*Assignment*. Copy each line of the entries below that contains the string "also".

*Information given*.
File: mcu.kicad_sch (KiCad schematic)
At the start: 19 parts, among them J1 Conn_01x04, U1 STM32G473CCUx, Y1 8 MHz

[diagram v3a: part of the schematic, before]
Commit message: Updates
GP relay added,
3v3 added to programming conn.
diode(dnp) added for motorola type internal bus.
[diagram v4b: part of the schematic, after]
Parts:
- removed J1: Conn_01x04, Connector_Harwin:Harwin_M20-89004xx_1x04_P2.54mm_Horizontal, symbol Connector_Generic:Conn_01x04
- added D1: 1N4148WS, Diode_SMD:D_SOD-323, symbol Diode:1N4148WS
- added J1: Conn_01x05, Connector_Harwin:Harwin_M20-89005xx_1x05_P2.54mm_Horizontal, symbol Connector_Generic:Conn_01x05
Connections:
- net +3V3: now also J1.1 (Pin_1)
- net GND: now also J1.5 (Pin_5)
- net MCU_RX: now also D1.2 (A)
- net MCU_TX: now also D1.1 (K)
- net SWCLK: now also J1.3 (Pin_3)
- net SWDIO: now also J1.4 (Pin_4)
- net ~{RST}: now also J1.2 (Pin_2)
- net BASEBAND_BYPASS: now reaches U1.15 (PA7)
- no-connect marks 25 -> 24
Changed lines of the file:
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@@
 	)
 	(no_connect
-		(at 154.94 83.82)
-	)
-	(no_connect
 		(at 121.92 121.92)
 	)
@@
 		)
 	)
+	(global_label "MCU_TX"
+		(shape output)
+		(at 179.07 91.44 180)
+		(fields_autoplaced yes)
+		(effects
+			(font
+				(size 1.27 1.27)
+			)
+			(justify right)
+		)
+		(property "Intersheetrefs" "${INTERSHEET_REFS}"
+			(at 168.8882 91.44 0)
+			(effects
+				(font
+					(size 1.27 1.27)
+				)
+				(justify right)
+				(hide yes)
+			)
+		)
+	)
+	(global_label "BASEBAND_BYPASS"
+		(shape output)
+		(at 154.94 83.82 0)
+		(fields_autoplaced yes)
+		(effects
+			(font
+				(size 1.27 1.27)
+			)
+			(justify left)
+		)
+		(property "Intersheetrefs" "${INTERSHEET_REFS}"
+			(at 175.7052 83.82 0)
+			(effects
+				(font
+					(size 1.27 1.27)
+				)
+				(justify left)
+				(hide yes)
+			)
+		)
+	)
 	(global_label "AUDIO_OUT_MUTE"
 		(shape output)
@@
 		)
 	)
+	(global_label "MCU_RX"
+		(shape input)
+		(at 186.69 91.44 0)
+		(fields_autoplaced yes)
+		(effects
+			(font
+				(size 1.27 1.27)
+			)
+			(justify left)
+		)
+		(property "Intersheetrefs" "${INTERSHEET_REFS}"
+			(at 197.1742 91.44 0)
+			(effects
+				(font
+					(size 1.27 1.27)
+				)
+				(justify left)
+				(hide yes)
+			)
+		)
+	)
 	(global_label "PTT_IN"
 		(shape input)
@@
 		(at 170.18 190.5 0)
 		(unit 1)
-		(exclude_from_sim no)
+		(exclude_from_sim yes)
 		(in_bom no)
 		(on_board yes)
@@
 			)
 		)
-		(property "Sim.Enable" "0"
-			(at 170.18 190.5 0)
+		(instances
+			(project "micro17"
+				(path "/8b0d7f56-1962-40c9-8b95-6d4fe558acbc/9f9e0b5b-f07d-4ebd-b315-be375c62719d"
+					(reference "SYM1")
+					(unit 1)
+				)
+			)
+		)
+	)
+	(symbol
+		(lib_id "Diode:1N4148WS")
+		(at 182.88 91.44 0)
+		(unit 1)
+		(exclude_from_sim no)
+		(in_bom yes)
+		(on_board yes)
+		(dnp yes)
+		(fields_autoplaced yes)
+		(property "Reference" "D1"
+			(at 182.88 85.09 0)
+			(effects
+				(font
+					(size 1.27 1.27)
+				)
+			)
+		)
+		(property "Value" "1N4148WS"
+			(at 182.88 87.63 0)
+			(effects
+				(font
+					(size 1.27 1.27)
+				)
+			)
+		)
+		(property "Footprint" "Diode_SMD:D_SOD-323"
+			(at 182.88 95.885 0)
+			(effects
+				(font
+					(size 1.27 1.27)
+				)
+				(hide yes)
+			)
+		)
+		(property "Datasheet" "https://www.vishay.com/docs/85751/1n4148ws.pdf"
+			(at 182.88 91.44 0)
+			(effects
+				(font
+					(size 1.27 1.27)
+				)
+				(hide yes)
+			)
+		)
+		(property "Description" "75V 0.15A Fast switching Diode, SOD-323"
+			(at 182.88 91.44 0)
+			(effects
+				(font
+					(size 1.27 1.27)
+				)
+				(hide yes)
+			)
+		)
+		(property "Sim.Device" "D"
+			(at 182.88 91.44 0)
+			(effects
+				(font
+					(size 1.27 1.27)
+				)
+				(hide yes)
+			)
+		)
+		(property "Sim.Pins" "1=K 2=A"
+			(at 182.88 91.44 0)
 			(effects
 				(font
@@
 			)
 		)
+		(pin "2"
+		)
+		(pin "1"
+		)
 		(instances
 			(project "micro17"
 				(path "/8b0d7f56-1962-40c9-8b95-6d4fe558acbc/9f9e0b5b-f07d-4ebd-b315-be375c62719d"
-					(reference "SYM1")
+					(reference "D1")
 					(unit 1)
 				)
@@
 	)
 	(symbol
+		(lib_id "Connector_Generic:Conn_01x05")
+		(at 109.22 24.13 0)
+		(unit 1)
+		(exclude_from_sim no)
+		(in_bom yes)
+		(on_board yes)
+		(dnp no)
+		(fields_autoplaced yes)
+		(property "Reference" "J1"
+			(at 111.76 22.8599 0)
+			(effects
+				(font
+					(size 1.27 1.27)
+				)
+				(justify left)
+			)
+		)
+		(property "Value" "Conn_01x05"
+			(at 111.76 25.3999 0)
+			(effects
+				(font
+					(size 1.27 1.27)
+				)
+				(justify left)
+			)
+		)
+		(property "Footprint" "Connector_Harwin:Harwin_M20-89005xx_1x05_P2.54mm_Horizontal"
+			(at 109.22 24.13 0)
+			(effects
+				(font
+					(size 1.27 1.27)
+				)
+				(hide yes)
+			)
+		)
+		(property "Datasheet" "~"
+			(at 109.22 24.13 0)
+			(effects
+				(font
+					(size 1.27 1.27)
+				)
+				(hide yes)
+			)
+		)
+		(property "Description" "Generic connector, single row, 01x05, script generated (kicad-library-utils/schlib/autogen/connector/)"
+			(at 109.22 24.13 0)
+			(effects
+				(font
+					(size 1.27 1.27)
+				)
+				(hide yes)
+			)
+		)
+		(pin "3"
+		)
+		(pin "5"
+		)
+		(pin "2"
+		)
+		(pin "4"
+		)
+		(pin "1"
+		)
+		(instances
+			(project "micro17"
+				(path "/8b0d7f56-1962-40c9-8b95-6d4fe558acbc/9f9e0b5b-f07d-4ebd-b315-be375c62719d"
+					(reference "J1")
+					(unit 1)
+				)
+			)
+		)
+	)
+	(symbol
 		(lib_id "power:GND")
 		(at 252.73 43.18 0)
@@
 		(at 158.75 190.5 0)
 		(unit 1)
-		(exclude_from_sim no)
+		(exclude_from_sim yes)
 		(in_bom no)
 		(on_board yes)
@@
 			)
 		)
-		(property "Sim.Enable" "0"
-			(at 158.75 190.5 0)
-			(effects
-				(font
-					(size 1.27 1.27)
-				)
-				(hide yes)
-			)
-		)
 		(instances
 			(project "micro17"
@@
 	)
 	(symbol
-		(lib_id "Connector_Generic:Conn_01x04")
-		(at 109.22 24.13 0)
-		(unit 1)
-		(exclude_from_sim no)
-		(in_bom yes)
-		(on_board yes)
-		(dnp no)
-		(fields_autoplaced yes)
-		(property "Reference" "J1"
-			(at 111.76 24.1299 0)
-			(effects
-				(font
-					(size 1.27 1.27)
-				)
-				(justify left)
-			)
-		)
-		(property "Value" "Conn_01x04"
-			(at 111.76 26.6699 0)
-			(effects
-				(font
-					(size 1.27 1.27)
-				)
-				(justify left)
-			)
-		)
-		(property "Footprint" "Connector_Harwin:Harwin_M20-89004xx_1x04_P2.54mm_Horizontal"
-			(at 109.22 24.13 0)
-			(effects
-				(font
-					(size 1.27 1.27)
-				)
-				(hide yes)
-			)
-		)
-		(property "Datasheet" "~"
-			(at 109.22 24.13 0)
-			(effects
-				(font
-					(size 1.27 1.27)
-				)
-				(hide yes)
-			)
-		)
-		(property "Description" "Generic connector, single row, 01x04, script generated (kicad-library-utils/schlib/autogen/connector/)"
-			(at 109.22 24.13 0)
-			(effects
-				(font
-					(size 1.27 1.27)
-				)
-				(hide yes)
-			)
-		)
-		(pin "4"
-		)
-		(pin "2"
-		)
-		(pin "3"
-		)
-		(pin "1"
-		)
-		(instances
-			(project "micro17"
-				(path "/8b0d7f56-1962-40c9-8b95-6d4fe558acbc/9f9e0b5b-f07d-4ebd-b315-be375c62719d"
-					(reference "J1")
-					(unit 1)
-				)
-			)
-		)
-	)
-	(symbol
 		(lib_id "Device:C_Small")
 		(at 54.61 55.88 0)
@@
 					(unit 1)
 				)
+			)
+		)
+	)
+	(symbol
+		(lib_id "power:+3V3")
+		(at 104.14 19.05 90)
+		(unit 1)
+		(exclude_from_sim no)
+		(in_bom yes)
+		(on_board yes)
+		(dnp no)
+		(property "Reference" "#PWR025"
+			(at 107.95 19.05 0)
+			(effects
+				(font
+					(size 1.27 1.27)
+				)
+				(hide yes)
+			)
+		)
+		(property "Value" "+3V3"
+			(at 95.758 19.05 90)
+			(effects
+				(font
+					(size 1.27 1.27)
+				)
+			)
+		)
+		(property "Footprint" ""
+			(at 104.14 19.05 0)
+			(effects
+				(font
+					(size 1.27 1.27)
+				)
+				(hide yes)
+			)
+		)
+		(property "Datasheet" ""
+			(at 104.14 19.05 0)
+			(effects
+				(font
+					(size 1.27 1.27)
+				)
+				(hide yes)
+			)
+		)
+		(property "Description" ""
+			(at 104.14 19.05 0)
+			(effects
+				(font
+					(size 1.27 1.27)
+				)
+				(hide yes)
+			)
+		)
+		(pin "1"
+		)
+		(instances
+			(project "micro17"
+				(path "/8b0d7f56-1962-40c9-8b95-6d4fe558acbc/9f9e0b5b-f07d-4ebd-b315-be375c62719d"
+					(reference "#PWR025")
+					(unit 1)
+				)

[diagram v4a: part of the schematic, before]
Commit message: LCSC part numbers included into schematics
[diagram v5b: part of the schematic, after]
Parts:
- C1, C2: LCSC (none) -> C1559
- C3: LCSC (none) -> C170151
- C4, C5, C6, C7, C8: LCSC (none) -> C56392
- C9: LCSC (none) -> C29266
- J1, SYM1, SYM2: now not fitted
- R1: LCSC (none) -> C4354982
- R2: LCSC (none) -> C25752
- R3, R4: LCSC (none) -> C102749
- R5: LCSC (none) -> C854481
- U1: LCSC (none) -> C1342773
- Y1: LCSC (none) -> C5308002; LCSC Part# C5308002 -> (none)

*Worked solution*.
- net +3V3: now also J1.1 (Pin_1)
- net GND: now also J1.5 (Pin_5)
- net MCU_RX: now also D1.2 (A)
- net MCU_TX: now also D1.1 (K)
- net SWCLK: now also J1.3 (Pin_3)
- net SWDIO: now also J1.4 (Pin_4)
- net ~{RST}: now also J1.2 (Pin_2)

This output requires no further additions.